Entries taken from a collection
*** Block opens ***

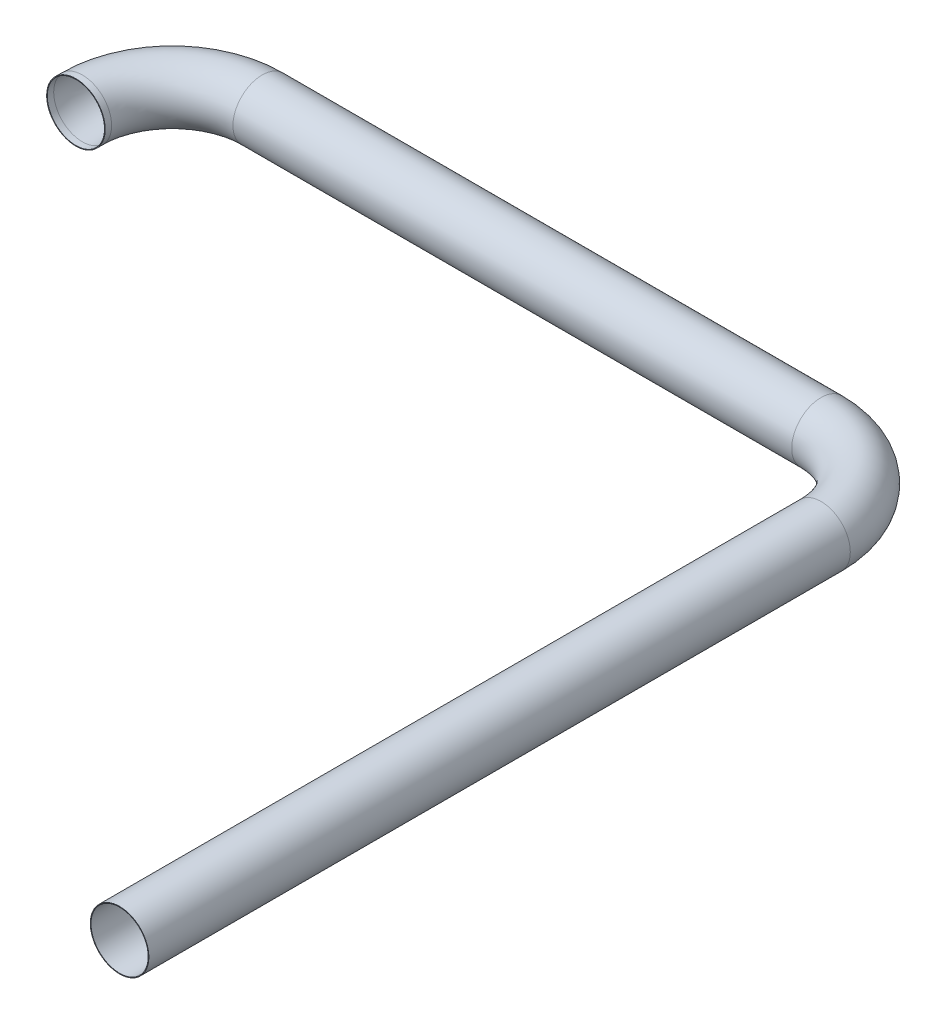
from build123d import *

# Parameters (mm, degrees)
SKETCH2_R   = 45.59
SKETCH2_R_2 = 44.59


with BuildPart() as part:
    # Sweep2: sweep along a path in Sketch1
    with BuildLine(Plane(origin=(0, 0, 0), x_dir=(1, 0, 0), z_dir=(0, 1, 0))) as sweep2_path:
        Line((0, 0), (0, 1092))
        ThreePointArc((0, 1092), (-41.005050634, 1190.994949366), (-140, 1232))
        Line((-140, 1232), (-1010, 1232))
        ThreePointArc((-1010, 1232), (-1108.994949366, 1190.994949366), (-1150, 1092))
        Line((-1150, 1092), (-1150, 1082))
    # Sketch2 → Sweep2 (sweep)
    with BuildSketch(Plane.XY):
        Circle(SKETCH2_R)
        Circle(SKETCH2_R_2, mode=Mode.SUBTRACT)
    sweep(path=sweep2_path.line)


solid = part.part

*** Block closes ***

[Assignment]: When a line of the records has the word "with", pick it out and copy it.

[Your response]:
with BuildPart() as part:
    with BuildLine(Plane(origin=(0, 0, 0), x_dir=(1, 0, 0), z_dir=(0, 1, 0))) as sweep2_path:
    with BuildSketch(Plane.XY):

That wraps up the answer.